(Data excerpts)
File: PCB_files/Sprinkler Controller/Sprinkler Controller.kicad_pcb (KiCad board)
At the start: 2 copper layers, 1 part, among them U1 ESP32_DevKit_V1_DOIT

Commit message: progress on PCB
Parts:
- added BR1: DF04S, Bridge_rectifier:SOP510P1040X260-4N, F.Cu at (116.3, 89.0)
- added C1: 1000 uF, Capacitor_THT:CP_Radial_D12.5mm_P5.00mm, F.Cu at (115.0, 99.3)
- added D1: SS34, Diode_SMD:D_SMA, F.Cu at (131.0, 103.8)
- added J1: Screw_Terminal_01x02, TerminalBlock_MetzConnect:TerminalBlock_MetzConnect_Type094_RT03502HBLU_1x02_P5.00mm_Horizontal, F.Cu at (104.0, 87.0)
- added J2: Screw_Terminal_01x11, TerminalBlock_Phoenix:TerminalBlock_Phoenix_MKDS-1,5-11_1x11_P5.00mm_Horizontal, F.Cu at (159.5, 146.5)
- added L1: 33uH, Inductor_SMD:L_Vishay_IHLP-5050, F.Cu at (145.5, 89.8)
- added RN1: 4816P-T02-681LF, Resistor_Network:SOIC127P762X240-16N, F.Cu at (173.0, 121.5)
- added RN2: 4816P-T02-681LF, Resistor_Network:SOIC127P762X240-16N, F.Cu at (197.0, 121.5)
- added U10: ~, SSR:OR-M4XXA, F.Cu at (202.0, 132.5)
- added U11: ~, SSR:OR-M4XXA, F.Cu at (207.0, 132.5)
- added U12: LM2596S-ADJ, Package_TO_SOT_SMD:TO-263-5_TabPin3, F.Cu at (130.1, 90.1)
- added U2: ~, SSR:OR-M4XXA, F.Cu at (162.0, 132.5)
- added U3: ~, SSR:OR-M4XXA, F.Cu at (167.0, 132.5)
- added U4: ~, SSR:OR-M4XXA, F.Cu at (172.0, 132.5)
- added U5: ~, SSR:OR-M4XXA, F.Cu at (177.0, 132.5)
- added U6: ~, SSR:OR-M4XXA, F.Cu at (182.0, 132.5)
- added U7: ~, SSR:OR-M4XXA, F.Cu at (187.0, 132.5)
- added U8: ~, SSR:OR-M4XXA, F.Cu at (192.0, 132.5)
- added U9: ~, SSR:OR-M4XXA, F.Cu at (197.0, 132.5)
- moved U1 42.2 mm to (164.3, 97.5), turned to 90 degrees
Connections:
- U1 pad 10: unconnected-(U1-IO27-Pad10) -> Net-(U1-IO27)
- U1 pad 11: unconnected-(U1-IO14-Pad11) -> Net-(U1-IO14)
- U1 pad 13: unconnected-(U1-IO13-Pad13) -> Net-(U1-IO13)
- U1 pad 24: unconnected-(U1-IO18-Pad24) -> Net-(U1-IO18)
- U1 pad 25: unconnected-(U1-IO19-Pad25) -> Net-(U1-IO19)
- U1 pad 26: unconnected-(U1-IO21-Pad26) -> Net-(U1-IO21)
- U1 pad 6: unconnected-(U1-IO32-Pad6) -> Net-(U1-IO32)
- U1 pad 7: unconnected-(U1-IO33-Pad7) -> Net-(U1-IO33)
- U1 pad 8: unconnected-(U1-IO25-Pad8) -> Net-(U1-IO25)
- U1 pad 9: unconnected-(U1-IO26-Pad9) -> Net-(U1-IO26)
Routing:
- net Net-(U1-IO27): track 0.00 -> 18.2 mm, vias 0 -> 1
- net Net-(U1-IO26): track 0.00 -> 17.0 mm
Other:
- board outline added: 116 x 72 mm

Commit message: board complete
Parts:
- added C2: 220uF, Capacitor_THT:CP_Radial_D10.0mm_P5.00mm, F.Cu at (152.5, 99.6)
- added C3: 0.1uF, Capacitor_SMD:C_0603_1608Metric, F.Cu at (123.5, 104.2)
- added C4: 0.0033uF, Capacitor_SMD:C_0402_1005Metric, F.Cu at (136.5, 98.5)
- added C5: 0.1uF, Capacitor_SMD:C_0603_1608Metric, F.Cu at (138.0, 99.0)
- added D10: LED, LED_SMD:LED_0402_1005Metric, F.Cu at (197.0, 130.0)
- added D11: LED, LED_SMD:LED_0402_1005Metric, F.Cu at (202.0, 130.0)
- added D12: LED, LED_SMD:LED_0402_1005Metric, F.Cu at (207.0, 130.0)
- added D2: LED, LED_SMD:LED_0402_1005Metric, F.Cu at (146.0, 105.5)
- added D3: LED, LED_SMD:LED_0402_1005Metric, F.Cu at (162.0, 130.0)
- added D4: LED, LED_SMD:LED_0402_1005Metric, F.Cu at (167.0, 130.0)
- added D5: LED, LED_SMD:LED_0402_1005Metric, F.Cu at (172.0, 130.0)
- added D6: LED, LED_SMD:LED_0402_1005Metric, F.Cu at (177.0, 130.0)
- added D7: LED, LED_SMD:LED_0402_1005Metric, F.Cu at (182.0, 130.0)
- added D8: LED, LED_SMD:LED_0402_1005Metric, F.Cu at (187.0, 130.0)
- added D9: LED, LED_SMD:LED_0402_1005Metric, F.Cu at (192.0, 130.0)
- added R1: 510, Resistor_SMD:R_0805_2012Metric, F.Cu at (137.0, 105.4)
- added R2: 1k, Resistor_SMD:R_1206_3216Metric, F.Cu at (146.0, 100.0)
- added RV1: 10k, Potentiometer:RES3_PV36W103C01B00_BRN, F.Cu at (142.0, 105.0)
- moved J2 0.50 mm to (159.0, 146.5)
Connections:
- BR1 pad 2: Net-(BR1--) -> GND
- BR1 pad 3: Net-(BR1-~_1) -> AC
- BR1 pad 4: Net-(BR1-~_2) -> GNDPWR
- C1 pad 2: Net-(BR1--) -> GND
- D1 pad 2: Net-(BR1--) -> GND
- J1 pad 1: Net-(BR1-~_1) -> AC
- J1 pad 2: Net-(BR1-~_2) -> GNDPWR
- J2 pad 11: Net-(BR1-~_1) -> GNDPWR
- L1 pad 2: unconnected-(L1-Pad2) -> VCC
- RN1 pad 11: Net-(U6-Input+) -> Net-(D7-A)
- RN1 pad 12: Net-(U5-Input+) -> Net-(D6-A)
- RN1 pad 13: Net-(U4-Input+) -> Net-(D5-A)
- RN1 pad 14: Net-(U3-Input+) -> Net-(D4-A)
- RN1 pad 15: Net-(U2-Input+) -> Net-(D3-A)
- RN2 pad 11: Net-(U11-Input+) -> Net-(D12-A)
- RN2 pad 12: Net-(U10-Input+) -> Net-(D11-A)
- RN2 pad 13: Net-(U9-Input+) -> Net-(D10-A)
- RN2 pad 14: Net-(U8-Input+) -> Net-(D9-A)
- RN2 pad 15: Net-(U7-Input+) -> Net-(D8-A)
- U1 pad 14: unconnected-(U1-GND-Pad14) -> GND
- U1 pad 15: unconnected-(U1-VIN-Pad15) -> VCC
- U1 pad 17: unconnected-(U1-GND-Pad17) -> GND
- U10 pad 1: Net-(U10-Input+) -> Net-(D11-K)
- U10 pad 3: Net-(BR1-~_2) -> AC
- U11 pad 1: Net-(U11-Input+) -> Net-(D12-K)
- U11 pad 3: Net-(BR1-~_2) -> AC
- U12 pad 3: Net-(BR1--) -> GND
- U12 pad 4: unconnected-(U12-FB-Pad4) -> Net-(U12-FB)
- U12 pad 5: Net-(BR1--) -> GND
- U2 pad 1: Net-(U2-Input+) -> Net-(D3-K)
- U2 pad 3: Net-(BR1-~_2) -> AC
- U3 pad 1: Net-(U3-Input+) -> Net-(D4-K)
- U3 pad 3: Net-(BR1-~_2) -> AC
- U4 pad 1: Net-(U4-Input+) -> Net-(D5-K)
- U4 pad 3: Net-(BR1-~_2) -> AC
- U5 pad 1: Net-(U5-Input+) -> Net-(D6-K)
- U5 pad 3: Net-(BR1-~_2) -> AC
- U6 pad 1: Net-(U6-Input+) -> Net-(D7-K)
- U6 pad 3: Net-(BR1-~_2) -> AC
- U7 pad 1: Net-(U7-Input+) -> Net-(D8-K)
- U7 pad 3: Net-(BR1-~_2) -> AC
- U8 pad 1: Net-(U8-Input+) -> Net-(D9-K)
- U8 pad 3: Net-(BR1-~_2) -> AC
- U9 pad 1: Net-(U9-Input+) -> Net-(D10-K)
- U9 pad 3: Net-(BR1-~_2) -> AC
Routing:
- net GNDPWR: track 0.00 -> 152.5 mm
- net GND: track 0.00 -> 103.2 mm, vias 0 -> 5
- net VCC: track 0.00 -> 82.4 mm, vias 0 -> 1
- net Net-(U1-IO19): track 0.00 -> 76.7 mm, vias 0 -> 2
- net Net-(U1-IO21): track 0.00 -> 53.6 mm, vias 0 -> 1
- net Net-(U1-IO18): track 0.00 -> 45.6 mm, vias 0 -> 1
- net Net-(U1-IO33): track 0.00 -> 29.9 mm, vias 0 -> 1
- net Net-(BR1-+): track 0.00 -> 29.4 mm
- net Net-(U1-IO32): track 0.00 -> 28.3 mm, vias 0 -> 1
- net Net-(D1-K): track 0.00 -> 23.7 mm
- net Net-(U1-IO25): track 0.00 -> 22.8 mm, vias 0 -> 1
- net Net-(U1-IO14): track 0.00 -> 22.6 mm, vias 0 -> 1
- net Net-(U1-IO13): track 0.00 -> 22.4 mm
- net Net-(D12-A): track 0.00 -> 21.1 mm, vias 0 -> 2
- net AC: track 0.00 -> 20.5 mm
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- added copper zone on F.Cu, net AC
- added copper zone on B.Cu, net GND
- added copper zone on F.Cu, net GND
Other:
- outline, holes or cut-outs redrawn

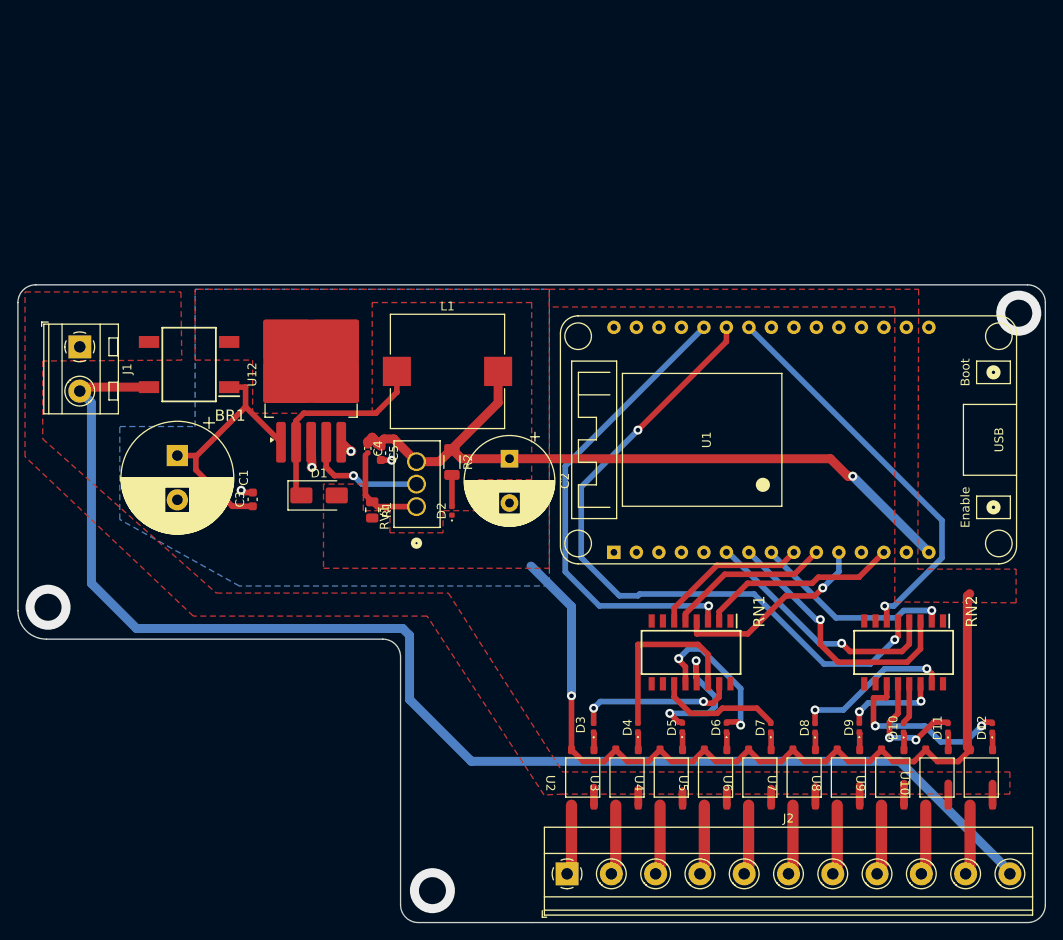
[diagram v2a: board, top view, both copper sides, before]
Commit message: fixed memory and logging issues
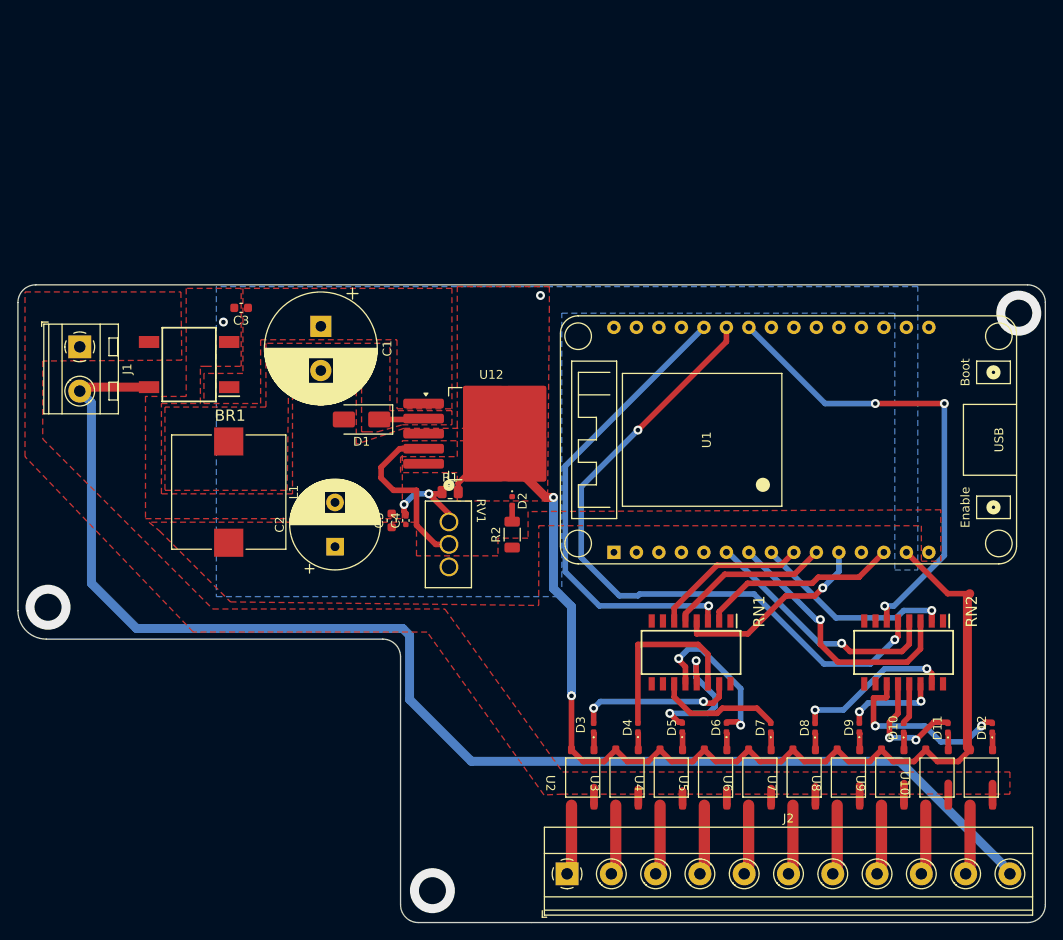
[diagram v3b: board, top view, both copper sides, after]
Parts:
- moved L1 28.2 mm to (120.8, 103.4), turned to -90 degrees
- moved C2 22.1 mm to (132.8, 109.6), turned to 90 degrees
- moved C1 21.8 mm to (131.2, 84.7)
- moved C3 21.7 mm to (122.2, 82.6), turned to 180 degrees
- moved U12 21.4 mm to (150.4, 96.8), turned to 0 degrees
- moved R2 10.7 mm to (152.8, 108.2), turned to 90 degrees
- moved D1 9.83 mm to (135.8, 95.2), turned to 180 degrees
- moved C4 9.19 mm to (140.8, 106.6), turned to 90 degrees
- moved R1 9.03 mm to (145.8, 103.4), turned to 0 degrees
- moved C5 7.69 mm to (139.2, 106.6), turned to 90 degrees
- moved D2 6.89 mm to (152.8, 104.4), turned to -90 degrees
- moved RV1 4.05 mm to (145.7, 106.8), turned to -90 degrees
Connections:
- net Net-(BR1-+) renamed /Vin
- net Net-(C4-Pad2) renamed /div
- net Net-(D1-K) renamed /Out
- net Net-(U12-FB) renamed /FB
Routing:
- net VCC: track 82.4 -> 0.00 mm, vias 1 -> 0
- net /Vin: track 29.4 -> 0.00 mm
- net GND: track 103.2 -> 122.5 mm, vias 5 -> 3
- net /Out: track 23.7 -> 5.04 mm
- net Net-(U1-IO18): track 45.6 -> 53.7 mm, vias 1 -> 3
- net /FB: track 13.8 -> 20.0 mm, vias 1 -> 0
- net Net-(D2-A): track 3.42 -> 1.70 mm
- net /div: track 11.2 -> 10.2 mm, vias 0 -> 2
- net (no net): vias 3 -> 4
- added copper zone on F.Cu, net /Out
- added copper zone on F.Cu, net /Vin
- added copper zone on F.Cu, net VCC

§ About this task:
Working from the records above, write out verbatim only the lines from the line containing "- added R2: 1k, Resistor_SMD:R_1206_3216Metric, F.Cu" through the line containing "- J2 pad 11: Net-(BR1-~_1) -> GNDPWR".

§ Exercise output:
- added R2: 1k, Resistor_SMD:R_1206_3216Metric, F.Cu at (146.0, 100.0)
- added RV1: 10k, Potentiometer:RES3_PV36W103C01B00_BRN, F.Cu at (142.0, 105.0)
- moved J2 0.50 mm to (159.0, 146.5)
Connections:
- BR1 pad 2: Net-(BR1--) -> GND
- BR1 pad 3: Net-(BR1-~_1) -> AC
- BR1 pad 4: Net-(BR1-~_2) -> GNDPWR
- C1 pad 2: Net-(BR1--) -> GND
- D1 pad 2: Net-(BR1--) -> GND
- J1 pad 1: Net-(BR1-~_1) -> AC
- J1 pad 2: Net-(BR1-~_2) -> GNDPWR
- J2 pad 11: Net-(BR1-~_1) -> GNDPWR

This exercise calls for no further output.